WORK REQUIRED:
Your answer must be an exact copy of the lines below, from the first through the one with "#32=ORIENTED_EDGE('',*,*,#31,.T.);", with no pictures.

DATA EXTRACTS:

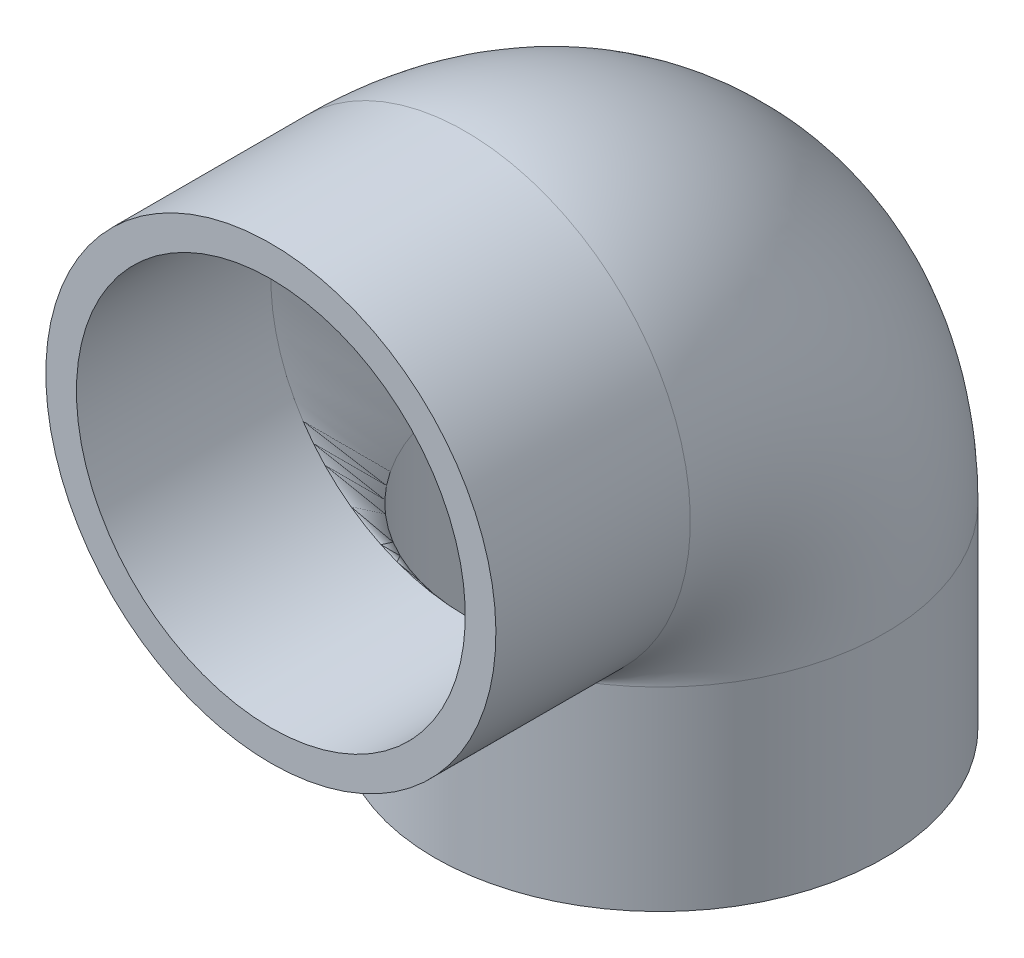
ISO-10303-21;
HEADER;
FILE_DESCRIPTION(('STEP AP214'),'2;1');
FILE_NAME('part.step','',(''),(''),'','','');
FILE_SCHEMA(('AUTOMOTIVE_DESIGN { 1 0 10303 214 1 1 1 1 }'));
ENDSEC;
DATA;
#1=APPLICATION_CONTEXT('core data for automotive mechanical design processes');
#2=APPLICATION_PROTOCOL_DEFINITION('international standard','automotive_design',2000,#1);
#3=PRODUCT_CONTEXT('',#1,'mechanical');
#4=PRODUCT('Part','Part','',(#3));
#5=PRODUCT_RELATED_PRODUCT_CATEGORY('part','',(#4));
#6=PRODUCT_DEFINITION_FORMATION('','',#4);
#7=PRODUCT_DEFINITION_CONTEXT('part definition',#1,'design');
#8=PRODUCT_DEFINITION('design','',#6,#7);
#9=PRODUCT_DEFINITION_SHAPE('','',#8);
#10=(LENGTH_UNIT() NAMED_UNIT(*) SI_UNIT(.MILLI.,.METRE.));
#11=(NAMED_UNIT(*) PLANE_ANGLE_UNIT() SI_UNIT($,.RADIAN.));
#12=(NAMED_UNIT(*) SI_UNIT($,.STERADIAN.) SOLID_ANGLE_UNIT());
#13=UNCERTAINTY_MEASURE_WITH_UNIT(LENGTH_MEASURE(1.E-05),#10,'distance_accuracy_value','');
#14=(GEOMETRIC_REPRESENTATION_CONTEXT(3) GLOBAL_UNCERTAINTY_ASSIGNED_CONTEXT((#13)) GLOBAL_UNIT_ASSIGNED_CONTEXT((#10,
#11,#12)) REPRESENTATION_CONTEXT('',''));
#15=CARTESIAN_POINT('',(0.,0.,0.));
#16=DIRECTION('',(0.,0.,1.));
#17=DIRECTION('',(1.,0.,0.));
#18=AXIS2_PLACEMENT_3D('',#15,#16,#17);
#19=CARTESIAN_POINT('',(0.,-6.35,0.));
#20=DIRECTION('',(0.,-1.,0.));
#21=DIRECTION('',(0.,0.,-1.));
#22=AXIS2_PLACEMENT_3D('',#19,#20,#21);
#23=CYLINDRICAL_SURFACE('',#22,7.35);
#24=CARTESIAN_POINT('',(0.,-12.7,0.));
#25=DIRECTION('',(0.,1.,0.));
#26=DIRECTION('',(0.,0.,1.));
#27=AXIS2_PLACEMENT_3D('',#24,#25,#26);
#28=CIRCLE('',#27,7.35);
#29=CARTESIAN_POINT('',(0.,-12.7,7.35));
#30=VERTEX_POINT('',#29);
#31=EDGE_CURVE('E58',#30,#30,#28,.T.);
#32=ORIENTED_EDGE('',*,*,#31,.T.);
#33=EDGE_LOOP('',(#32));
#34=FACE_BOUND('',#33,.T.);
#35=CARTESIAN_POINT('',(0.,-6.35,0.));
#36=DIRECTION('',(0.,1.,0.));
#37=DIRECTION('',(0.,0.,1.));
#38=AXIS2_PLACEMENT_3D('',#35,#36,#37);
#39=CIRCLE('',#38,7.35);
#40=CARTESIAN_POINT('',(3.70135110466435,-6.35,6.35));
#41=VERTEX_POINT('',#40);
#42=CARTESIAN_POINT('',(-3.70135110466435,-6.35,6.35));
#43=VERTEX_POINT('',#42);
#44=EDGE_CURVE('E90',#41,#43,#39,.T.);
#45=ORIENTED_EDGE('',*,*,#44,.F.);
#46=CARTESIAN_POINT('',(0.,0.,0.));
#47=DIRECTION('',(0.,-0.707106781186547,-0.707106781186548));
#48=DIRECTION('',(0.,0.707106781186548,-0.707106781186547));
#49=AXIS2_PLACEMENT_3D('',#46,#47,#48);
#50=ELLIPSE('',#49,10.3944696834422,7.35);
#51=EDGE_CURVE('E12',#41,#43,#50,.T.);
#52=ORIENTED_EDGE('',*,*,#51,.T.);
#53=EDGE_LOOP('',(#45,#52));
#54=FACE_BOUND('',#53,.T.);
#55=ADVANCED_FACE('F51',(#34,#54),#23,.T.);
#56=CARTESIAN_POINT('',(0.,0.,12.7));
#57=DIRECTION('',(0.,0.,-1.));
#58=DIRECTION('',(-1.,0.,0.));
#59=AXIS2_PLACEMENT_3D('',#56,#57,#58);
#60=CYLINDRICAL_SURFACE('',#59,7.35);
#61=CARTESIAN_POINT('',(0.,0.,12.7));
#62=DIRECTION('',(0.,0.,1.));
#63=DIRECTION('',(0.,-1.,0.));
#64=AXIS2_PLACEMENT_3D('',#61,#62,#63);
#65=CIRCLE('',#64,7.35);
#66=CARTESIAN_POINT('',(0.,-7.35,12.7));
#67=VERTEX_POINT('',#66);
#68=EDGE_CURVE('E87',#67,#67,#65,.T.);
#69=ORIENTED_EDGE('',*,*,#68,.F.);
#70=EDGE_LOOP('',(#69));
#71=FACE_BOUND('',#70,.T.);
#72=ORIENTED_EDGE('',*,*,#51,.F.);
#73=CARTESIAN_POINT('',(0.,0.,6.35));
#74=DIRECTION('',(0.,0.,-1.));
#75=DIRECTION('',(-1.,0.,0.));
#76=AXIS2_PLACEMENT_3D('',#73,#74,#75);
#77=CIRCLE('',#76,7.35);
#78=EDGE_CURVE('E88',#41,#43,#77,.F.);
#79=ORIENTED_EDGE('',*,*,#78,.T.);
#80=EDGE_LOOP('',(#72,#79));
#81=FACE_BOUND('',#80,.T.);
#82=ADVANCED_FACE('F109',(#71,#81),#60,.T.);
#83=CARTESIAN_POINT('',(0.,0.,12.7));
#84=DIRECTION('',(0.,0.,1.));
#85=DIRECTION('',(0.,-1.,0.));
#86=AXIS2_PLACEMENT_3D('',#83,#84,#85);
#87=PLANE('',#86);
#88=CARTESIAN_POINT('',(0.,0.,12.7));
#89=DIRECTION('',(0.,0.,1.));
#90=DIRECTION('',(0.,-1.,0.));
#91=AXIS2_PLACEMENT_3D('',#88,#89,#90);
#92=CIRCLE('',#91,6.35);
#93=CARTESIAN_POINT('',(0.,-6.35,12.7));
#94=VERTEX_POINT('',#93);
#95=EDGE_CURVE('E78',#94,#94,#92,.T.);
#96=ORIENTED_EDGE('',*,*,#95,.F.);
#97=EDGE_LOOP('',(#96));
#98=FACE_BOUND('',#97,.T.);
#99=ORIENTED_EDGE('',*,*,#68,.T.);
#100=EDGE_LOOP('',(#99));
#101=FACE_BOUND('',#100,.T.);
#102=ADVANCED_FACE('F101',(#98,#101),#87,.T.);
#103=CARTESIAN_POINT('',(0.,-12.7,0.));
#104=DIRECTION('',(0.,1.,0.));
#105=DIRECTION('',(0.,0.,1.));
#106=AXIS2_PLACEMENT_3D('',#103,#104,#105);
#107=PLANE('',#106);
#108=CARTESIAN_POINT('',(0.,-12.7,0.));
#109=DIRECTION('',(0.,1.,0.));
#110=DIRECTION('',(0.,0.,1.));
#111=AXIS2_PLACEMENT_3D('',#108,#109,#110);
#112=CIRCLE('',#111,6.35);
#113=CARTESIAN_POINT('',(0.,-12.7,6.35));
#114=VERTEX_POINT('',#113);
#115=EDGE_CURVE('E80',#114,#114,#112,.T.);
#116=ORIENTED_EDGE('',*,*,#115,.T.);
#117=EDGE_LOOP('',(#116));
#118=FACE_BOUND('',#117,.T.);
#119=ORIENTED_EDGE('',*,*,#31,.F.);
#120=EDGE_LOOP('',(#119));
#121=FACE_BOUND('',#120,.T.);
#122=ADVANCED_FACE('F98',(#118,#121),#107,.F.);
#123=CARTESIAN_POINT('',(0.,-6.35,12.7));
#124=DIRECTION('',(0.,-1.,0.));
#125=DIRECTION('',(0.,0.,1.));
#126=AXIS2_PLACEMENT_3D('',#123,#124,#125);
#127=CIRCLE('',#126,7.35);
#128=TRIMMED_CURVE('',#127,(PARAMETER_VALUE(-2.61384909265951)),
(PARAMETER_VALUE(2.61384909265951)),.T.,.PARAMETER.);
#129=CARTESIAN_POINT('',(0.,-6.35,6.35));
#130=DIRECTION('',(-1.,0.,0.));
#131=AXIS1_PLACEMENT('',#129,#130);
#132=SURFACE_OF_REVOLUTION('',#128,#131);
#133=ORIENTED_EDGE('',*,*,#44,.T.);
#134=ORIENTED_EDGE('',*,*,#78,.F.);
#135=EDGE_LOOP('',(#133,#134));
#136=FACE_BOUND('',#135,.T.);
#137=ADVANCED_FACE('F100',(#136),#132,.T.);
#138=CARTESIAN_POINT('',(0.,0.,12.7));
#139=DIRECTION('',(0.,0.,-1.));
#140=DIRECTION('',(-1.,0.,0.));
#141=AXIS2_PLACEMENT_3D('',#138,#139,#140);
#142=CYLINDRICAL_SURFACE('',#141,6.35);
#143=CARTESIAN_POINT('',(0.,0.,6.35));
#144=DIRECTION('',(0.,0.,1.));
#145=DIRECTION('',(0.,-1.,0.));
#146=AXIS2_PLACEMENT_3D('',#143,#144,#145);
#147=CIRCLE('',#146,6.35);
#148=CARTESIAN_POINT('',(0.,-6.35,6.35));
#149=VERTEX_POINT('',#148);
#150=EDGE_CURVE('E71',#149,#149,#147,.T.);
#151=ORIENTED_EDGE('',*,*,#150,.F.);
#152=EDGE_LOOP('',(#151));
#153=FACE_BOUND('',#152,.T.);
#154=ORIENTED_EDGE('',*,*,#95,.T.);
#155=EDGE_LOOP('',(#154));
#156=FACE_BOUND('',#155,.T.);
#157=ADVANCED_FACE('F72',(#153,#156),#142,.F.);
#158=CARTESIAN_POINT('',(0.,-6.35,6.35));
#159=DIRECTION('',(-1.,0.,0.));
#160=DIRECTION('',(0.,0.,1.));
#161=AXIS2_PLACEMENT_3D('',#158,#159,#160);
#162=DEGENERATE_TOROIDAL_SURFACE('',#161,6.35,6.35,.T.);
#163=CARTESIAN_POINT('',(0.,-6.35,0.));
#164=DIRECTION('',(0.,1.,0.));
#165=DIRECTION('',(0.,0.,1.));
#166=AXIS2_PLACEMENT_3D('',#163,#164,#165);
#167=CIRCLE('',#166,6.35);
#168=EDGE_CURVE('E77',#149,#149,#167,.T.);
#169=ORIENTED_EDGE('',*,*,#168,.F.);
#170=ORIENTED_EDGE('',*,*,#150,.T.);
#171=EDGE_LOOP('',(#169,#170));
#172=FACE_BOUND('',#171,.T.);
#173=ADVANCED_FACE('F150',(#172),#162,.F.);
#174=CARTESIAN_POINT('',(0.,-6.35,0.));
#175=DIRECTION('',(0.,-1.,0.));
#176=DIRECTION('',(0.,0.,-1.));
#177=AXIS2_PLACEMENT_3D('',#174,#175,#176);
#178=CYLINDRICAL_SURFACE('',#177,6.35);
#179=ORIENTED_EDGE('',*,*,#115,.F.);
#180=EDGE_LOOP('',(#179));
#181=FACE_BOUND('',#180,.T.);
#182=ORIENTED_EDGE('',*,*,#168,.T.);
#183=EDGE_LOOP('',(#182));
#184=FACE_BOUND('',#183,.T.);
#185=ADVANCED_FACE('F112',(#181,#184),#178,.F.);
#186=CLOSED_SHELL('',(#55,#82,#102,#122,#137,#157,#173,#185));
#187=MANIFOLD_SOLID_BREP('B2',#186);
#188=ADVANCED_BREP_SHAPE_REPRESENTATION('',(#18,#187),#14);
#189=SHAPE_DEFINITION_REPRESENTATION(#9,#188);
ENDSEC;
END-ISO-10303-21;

ANSWER AREA:
ISO-10303-21;
HEADER;
FILE_DESCRIPTION(('STEP AP214'),'2;1');
FILE_NAME('part.step','',(''),(''),'','','');
FILE_SCHEMA(('AUTOMOTIVE_DESIGN { 1 0 10303 214 1 1 1 1 }'));
ENDSEC;
DATA;
#1=APPLICATION_CONTEXT('core data for automotive mechanical design processes');
#2=APPLICATION_PROTOCOL_DEFINITION('international standard','automotive_design',2000,#1);
#3=PRODUCT_CONTEXT('',#1,'mechanical');
#4=PRODUCT('Part','Part','',(#3));
#5=PRODUCT_RELATED_PRODUCT_CATEGORY('part','',(#4));
#6=PRODUCT_DEFINITION_FORMATION('','',#4);
#7=PRODUCT_DEFINITION_CONTEXT('part definition',#1,'design');
#8=PRODUCT_DEFINITION('design','',#6,#7);
#9=PRODUCT_DEFINITION_SHAPE('','',#8);
#10=(LENGTH_UNIT() NAMED_UNIT(*) SI_UNIT(.MILLI.,.METRE.));
#11=(NAMED_UNIT(*) PLANE_ANGLE_UNIT() SI_UNIT($,.RADIAN.));
#12=(NAMED_UNIT(*) SI_UNIT($,.STERADIAN.) SOLID_ANGLE_UNIT());
#13=UNCERTAINTY_MEASURE_WITH_UNIT(LENGTH_MEASURE(1.E-05),#10,'distance_accuracy_value','');
#14=(GEOMETRIC_REPRESENTATION_CONTEXT(3) GLOBAL_UNCERTAINTY_ASSIGNED_CONTEXT((#13)) GLOBAL_UNIT_ASSIGNED_CONTEXT((#10,
#11,#12)) REPRESENTATION_CONTEXT('',''));
#15=CARTESIAN_POINT('',(0.,0.,0.));
#16=DIRECTION('',(0.,0.,1.));
#17=DIRECTION('',(1.,0.,0.));
#18=AXIS2_PLACEMENT_3D('',#15,#16,#17);
#19=CARTESIAN_POINT('',(0.,-6.35,0.));
#20=DIRECTION('',(0.,-1.,0.));
#21=DIRECTION('',(0.,0.,-1.));
#22=AXIS2_PLACEMENT_3D('',#19,#20,#21);
#23=CYLINDRICAL_SURFACE('',#22,7.35);
#24=CARTESIAN_POINT('',(0.,-12.7,0.));
#25=DIRECTION('',(0.,1.,0.));
#26=DIRECTION('',(0.,0.,1.));
#27=AXIS2_PLACEMENT_3D('',#24,#25,#26);
#28=CIRCLE('',#27,7.35);
#29=CARTESIAN_POINT('',(0.,-12.7,7.35));
#30=VERTEX_POINT('',#29);
#31=EDGE_CURVE('E58',#30,#30,#28,.T.);
#32=ORIENTED_EDGE('',*,*,#31,.T.);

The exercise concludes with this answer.